- **YOUR ASSIGNMENT**: Using the data below, return the stretch from the line that contains "#6882 = AXIS2_PLACEMENT_3D" through the line that contains "#9147 = VECTOR ( 'NONE', #5694, 39.37008 ) ;", both included, exactly as it stands and nothing beyond it.

- **DATASET RECORDS**:
◇ ◇ ◇

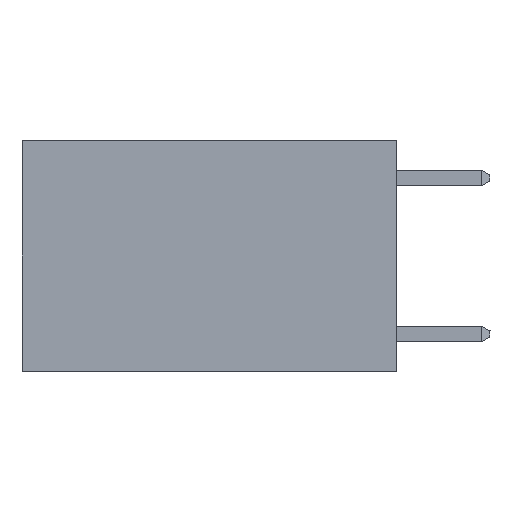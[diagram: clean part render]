
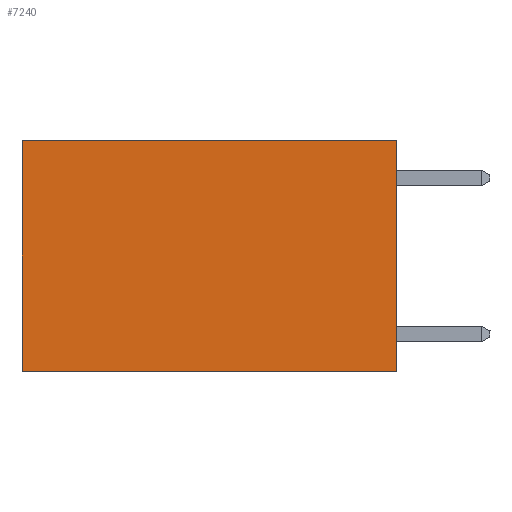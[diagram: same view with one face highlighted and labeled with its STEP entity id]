
A CAD part, left-side view. The second image highlights one B-rep face of the part: STEP entity #7240.
In plain terms, the highlighted planar face has unit normal (-1, 0, 0).
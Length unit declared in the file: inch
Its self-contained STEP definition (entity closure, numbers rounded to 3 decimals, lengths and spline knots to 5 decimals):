
#527 = DIRECTION ( 'NONE',  ( 0., 0., -1. ) ) ;
#686 = LINE ( 'NONE', #2377, #4068 ) ;
#1096 = ORIENTED_EDGE ( 'NONE', *, *, #9753, .F. ) ;
#1262 = LINE ( 'NONE', #4900, #9147 ) ;
#1520 = CARTESIAN_POINT ( 'NONE',  ( 0.2625, 0., 0. ) ) ;
#1842 = ORIENTED_EDGE ( 'NONE', *, *, #6171, .T. ) ;
#2179 = LINE ( 'NONE', #5171, #8346 ) ;
#2329 = DIRECTION ( 'NONE',  ( 0., 0., -1. ) ) ;
#2377 = CARTESIAN_POINT ( 'NONE',  ( 0.2625, 0., 0. ) ) ;
#2499 = VECTOR ( 'NONE', #3262, 39.37008 ) ;
#2978 = VERTEX_POINT ( 'NONE', #1520 ) ;
#3010 = EDGE_CURVE ( 'NONE', #2978, #5070, #686, .T. ) ;
#3130 = ORIENTED_EDGE ( 'NONE', *, *, #3010, .F. ) ;
#3262 = DIRECTION ( 'NONE',  ( 0., 1., 0. ) ) ;
#3294 = CARTESIAN_POINT ( 'NONE',  ( 0.2625, 0.6, -0.37 ) ) ;
#3661 = CARTESIAN_POINT ( 'NONE',  ( 0.2625, 0.6, 0. ) ) ;
#3835 = CARTESIAN_POINT ( 'NONE',  ( 0.2625, 0., 0. ) ) ;
#4068 = VECTOR ( 'NONE', #4722, 39.37008 ) ;
#4529 = EDGE_LOOP ( 'NONE', ( #9009, #1096, #3130, #1842 ) ) ;
#4722 = DIRECTION ( 'NONE',  ( 0., 0., -1. ) ) ;
#4806 = LINE ( 'NONE', #7929, #2499 ) ;
#4900 = CARTESIAN_POINT ( 'NONE',  ( 0.2625, 0., 0. ) ) ;
#5070 = VERTEX_POINT ( 'NONE', #7589 ) ;
#5171 = CARTESIAN_POINT ( 'NONE',  ( 0.2625, 0.6, 0. ) ) ;
#5417 = PLANE ( 'NONE',  #6882 ) ;
#5694 = DIRECTION ( 'NONE',  ( 0., 1., 0. ) ) ;
#5718 = FACE_OUTER_BOUND ( 'NONE', #4529, .T. ) ;
#6171 = EDGE_CURVE ( 'NONE', #2978, #9414, #1262, .T. ) ;
#6882 = AXIS2_PLACEMENT_3D ( 'NONE', #3835, #6991, #2329 ) ;
#6991 = DIRECTION ( 'NONE',  ( 1., 0., 0. ) ) ;
#7240 = ADVANCED_FACE ( 'NONE', ( #5718 ), #5417, .F. ) ;
#7589 = CARTESIAN_POINT ( 'NONE',  ( 0.2625, 0., -0.37 ) ) ;
#7929 = CARTESIAN_POINT ( 'NONE',  ( 0.2625, 0., -0.37 ) ) ;
#8346 = VECTOR ( 'NONE', #527, 39.37008 ) ;
#8712 = EDGE_CURVE ( 'NONE', #9414, #9769, #2179, .T. ) ;
#9009 = ORIENTED_EDGE ( 'NONE', *, *, #8712, .T. ) ;
#9147 = VECTOR ( 'NONE', #5694, 39.37008 ) ;
#9414 = VERTEX_POINT ( 'NONE', #3661 ) ;
#9753 = EDGE_CURVE ( 'NONE', #5070, #9769, #4806, .T. ) ;
#9769 = VERTEX_POINT ( 'NONE', #3294 ) ;
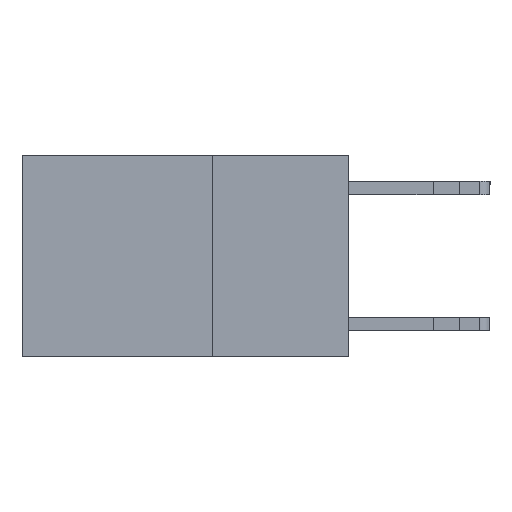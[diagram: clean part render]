
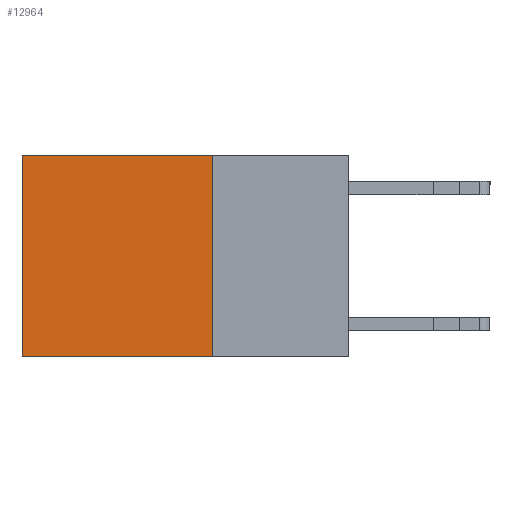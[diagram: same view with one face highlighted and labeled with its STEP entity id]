
A CAD part, left-side view. The second image highlights one B-rep face of the part: STEP entity #12964.
In plain terms, the highlighted planar face has unit normal (-1, 0, 0).
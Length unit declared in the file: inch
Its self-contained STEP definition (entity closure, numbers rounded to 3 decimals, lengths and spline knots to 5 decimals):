
#949 = DIRECTION ( 'NONE',  ( 0., 1., 0. ) ) ;
#1110 = CARTESIAN_POINT ( 'NONE',  ( 0.2625, 0.25, -0.37 ) ) ;
#1129 = VERTEX_POINT ( 'NONE', #6112 ) ;
#1374 = ORIENTED_EDGE ( 'NONE', *, *, #6717, .T. ) ;
#1732 = DIRECTION ( 'NONE',  ( 0., 0., -1. ) ) ;
#2397 = DIRECTION ( 'NONE',  ( 1., 0., 0. ) ) ;
#2786 = CARTESIAN_POINT ( 'NONE',  ( 0.2625, 0.6, 0. ) ) ;
#3060 = VECTOR ( 'NONE', #1732, 39.37008 ) ;
#3459 = LINE ( 'NONE', #1110, #12771 ) ;
#3499 = DIRECTION ( 'NONE',  ( 0., 0., -1. ) ) ;
#3573 = CARTESIAN_POINT ( 'NONE',  ( 0.2625, 0.25, 0. ) ) ;
#3600 = FACE_OUTER_BOUND ( 'NONE', #13924, .T. ) ;
#3860 = EDGE_CURVE ( 'NONE', #10213, #1129, #14539, .T. ) ;
#5081 = CARTESIAN_POINT ( 'NONE',  ( 0.2625, 0.25, 0. ) ) ;
#5665 = EDGE_CURVE ( 'NONE', #10213, #8046, #15065, .T. ) ;
#5990 = AXIS2_PLACEMENT_3D ( 'NONE', #11115, #2397, #6342 ) ;
#6112 = CARTESIAN_POINT ( 'NONE',  ( 0.2625, 0.25, -0.37 ) ) ;
#6342 = DIRECTION ( 'NONE',  ( 0., 0., -1. ) ) ;
#6413 = ORIENTED_EDGE ( 'NONE', *, *, #5665, .T. ) ;
#6717 = EDGE_CURVE ( 'NONE', #8046, #9427, #7903, .T. ) ;
#7092 = CARTESIAN_POINT ( 'NONE',  ( 0.2625, 0.6, -0.37 ) ) ;
#7903 = LINE ( 'NONE', #2786, #3060 ) ;
#8046 = VERTEX_POINT ( 'NONE', #11648 ) ;
#8578 = PLANE ( 'NONE',  #5990 ) ;
#8973 = VECTOR ( 'NONE', #13690, 39.37008 ) ;
#9059 = EDGE_CURVE ( 'NONE', #1129, #9427, #3459, .T. ) ;
#9427 = VERTEX_POINT ( 'NONE', #7092 ) ;
#9716 = VECTOR ( 'NONE', #3499, 39.37008 ) ;
#10213 = VERTEX_POINT ( 'NONE', #11781 ) ;
#11115 = CARTESIAN_POINT ( 'NONE',  ( 0.2625, 0.25, 0. ) ) ;
#11648 = CARTESIAN_POINT ( 'NONE',  ( 0.2625, 0.6, 0. ) ) ;
#11781 = CARTESIAN_POINT ( 'NONE',  ( 0.2625, 0.25, 0. ) ) ;
#12771 = VECTOR ( 'NONE', #949, 39.37008 ) ;
#12964 = ADVANCED_FACE ( 'NONE', ( #3600 ), #8578, .F. ) ;
#13690 = DIRECTION ( 'NONE',  ( 0., 1., 0. ) ) ;
#13924 = EDGE_LOOP ( 'NONE', ( #1374, #13993, #14225, #6413 ) ) ;
#13993 = ORIENTED_EDGE ( 'NONE', *, *, #9059, .F. ) ;
#14225 = ORIENTED_EDGE ( 'NONE', *, *, #3860, .F. ) ;
#14539 = LINE ( 'NONE', #3573, #9716 ) ;
#15065 = LINE ( 'NONE', #5081, #8973 ) ;

◇ ◇ ◇

- **RESULT BELOW**:
#6882 = AXIS2_PLACEMENT_3D ( 'NONE', #3835, #6991, #2329 ) ;
#6991 = DIRECTION ( 'NONE',  ( 1., 0., 0. ) ) ;
#7240 = ADVANCED_FACE ( 'NONE', ( #5718 ), #5417, .F. ) ;
#7589 = CARTESIAN_POINT ( 'NONE',  ( 0.2625, 0., -0.37 ) ) ;
#7929 = CARTESIAN_POINT ( 'NONE',  ( 0.2625, 0., -0.37 ) ) ;
#8346 = VECTOR ( 'NONE', #527, 39.37008 ) ;
#8712 = EDGE_CURVE ( 'NONE', #9414, #9769, #2179, .T. ) ;
#9009 = ORIENTED_EDGE ( 'NONE', *, *, #8712, .T. ) ;
#9147 = VECTOR ( 'NONE', #5694, 39.37008 ) ;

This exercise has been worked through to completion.